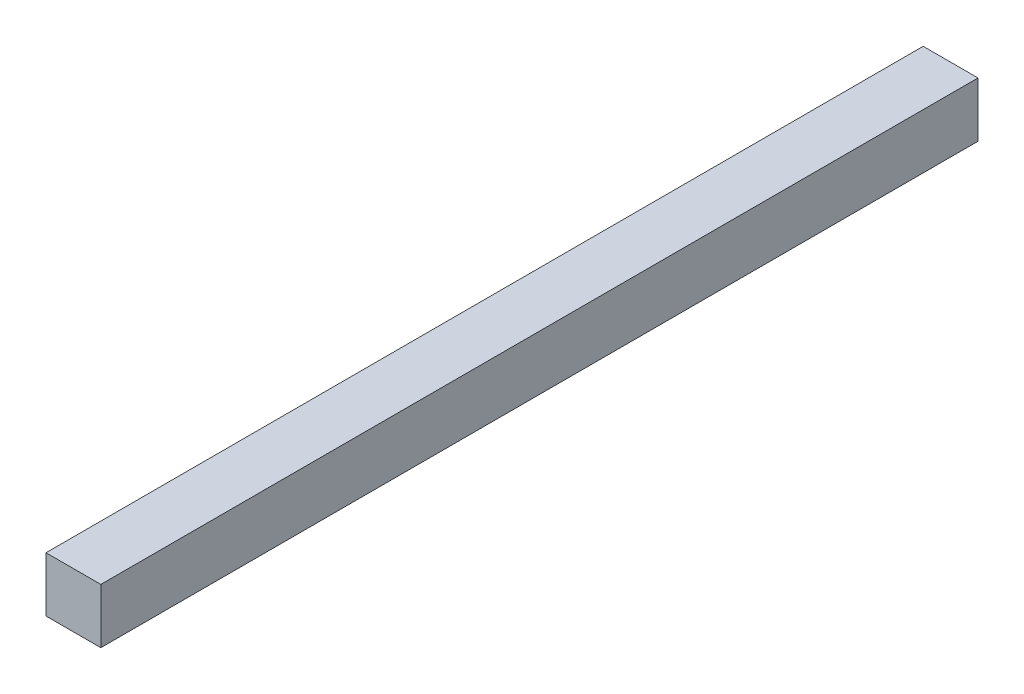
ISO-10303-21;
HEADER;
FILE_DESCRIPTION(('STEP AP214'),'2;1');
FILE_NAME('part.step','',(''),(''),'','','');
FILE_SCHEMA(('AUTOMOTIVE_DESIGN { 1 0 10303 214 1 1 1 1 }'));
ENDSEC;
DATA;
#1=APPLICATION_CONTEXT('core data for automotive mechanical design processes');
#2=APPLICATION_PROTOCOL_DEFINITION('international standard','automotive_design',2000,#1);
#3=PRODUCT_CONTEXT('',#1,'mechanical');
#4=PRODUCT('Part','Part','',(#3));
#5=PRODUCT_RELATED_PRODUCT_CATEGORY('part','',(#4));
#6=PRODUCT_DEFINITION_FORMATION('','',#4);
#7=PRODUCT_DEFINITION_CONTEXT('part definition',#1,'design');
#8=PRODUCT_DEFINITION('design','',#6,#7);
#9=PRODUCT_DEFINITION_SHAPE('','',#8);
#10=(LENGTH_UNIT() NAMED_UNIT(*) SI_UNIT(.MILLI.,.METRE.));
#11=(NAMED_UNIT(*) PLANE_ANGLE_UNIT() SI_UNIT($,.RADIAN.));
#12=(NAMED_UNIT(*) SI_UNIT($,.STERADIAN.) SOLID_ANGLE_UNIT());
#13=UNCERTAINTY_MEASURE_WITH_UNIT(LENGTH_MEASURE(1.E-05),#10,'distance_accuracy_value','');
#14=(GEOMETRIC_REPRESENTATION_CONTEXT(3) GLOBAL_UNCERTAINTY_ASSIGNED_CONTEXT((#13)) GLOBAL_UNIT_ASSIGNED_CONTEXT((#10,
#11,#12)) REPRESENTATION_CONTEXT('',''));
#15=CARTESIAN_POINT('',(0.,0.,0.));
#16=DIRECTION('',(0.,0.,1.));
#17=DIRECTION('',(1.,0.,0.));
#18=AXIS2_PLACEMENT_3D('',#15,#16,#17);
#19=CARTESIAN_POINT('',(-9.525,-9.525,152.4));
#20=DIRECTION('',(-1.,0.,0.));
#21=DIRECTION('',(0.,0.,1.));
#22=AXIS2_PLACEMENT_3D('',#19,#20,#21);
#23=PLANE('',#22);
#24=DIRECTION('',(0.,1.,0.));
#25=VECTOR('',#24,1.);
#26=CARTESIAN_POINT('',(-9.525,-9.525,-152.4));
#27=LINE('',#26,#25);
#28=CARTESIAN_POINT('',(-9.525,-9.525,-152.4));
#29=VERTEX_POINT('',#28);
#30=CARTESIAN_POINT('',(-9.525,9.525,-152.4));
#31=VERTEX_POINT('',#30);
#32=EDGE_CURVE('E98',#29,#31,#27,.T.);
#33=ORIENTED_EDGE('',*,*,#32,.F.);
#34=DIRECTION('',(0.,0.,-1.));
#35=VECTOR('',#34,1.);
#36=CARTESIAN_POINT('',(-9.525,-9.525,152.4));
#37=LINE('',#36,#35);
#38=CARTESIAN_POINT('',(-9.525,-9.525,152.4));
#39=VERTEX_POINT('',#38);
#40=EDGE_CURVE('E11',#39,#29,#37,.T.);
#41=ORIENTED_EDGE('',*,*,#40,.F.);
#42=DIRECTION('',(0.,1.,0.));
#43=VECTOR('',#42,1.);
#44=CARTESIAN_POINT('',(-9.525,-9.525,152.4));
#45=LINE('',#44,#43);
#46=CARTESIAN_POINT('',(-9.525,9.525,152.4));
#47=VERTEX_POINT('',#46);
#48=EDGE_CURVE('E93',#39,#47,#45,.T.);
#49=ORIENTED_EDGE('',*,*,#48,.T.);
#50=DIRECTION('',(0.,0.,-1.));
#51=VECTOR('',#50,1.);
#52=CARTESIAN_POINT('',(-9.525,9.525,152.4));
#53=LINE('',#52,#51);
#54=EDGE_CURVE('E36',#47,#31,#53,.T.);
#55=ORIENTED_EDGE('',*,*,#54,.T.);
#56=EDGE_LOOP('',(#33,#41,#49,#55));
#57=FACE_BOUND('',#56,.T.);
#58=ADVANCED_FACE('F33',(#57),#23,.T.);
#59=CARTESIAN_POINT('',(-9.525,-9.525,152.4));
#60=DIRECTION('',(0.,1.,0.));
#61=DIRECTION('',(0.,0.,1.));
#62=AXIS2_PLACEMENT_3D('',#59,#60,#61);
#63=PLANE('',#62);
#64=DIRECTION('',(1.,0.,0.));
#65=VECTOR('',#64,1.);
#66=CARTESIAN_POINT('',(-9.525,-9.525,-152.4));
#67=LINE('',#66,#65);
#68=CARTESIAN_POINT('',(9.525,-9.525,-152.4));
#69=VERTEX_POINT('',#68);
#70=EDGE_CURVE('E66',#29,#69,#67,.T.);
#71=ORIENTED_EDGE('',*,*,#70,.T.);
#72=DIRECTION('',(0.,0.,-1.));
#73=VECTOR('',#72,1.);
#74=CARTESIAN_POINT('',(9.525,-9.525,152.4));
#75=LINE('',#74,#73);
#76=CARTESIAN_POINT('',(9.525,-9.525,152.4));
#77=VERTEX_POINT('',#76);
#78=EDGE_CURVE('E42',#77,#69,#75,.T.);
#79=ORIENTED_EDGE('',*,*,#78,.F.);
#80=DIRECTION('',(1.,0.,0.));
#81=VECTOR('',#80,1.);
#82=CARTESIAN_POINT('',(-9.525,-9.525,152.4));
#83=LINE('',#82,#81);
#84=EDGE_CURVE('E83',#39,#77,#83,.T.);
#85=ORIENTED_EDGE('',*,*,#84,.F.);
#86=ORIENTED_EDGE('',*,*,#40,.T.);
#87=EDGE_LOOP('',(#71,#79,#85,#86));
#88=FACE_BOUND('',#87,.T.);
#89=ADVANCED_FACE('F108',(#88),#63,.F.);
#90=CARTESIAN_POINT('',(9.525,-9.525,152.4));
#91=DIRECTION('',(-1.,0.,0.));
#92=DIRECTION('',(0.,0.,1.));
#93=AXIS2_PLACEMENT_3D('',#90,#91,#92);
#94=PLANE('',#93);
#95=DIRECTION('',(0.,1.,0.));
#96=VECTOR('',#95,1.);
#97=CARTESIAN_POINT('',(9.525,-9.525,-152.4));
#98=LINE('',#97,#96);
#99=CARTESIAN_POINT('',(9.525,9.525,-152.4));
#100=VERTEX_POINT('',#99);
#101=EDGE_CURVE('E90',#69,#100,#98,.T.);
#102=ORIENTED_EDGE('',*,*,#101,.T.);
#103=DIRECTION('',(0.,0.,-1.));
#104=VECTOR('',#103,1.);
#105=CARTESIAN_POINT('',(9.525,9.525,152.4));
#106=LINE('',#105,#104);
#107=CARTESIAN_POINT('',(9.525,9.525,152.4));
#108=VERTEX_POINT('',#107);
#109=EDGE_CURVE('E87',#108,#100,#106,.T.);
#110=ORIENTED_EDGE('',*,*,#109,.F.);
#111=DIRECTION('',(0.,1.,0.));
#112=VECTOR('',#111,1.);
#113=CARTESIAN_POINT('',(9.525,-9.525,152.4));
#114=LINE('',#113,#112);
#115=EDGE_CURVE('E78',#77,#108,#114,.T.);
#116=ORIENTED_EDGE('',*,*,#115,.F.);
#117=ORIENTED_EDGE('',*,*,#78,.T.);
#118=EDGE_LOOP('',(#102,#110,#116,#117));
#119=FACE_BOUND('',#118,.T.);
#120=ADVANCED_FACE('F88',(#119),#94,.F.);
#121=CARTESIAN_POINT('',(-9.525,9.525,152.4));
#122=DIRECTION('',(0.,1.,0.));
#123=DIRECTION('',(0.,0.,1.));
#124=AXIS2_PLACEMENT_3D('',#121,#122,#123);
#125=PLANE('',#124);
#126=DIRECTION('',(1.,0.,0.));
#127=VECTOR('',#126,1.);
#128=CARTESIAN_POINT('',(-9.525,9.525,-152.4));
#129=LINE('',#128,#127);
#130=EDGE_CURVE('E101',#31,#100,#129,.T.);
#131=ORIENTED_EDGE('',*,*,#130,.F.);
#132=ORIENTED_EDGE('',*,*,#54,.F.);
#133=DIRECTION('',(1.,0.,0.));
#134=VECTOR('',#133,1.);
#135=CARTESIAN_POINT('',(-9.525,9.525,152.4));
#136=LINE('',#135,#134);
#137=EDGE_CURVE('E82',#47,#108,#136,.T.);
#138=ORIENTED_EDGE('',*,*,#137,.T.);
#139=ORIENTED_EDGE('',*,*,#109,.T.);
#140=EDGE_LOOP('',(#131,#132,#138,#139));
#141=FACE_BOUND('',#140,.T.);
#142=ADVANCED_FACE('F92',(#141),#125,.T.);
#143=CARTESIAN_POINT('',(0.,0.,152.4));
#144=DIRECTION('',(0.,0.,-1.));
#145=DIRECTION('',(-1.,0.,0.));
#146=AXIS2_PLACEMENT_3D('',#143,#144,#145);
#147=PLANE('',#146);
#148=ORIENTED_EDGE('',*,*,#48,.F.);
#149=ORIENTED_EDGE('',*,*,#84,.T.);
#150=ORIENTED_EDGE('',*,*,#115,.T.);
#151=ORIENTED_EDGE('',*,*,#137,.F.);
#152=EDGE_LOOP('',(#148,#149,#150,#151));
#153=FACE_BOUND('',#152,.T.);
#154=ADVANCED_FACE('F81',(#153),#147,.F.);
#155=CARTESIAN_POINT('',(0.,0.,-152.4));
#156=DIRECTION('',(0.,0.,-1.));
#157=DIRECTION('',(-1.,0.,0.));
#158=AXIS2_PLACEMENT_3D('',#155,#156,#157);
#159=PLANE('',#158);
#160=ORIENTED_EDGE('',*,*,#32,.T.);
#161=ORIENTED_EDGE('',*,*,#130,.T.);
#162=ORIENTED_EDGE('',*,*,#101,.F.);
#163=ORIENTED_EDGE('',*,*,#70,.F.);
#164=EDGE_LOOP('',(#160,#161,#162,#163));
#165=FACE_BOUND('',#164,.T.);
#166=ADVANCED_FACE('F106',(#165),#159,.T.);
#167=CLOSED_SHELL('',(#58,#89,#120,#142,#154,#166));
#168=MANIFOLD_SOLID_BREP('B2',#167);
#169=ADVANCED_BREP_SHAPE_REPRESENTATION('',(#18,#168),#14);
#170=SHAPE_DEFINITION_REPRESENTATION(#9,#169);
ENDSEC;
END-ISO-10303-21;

▶ [Exercise instructions] Everything from the line containing "#53=LINE('',#52,#51);" through the line containing "#74=CARTESIAN_POINT('',(9.525,-9.525,152.4));" in the material above should be retyped exactly, both ends included, and nothing more.

▶ [Task answer]
#53=LINE('',#52,#51);
#54=EDGE_CURVE('E36',#47,#31,#53,.T.);
#55=ORIENTED_EDGE('',*,*,#54,.T.);
#56=EDGE_LOOP('',(#33,#41,#49,#55));
#57=FACE_BOUND('',#56,.T.);
#58=ADVANCED_FACE('F33',(#57),#23,.T.);
#59=CARTESIAN_POINT('',(-9.525,-9.525,152.4));
#60=DIRECTION('',(0.,1.,0.));
#61=DIRECTION('',(0.,0.,1.));
#62=AXIS2_PLACEMENT_3D('',#59,#60,#61);
#63=PLANE('',#62);
#64=DIRECTION('',(1.,0.,0.));
#65=VECTOR('',#64,1.);
#66=CARTESIAN_POINT('',(-9.525,-9.525,-152.4));
#67=LINE('',#66,#65);
#68=CARTESIAN_POINT('',(9.525,-9.525,-152.4));
#69=VERTEX_POINT('',#68);
#70=EDGE_CURVE('E66',#29,#69,#67,.T.);
#71=ORIENTED_EDGE('',*,*,#70,.T.);
#72=DIRECTION('',(0.,0.,-1.));
#73=VECTOR('',#72,1.);
#74=CARTESIAN_POINT('',(9.525,-9.525,152.4));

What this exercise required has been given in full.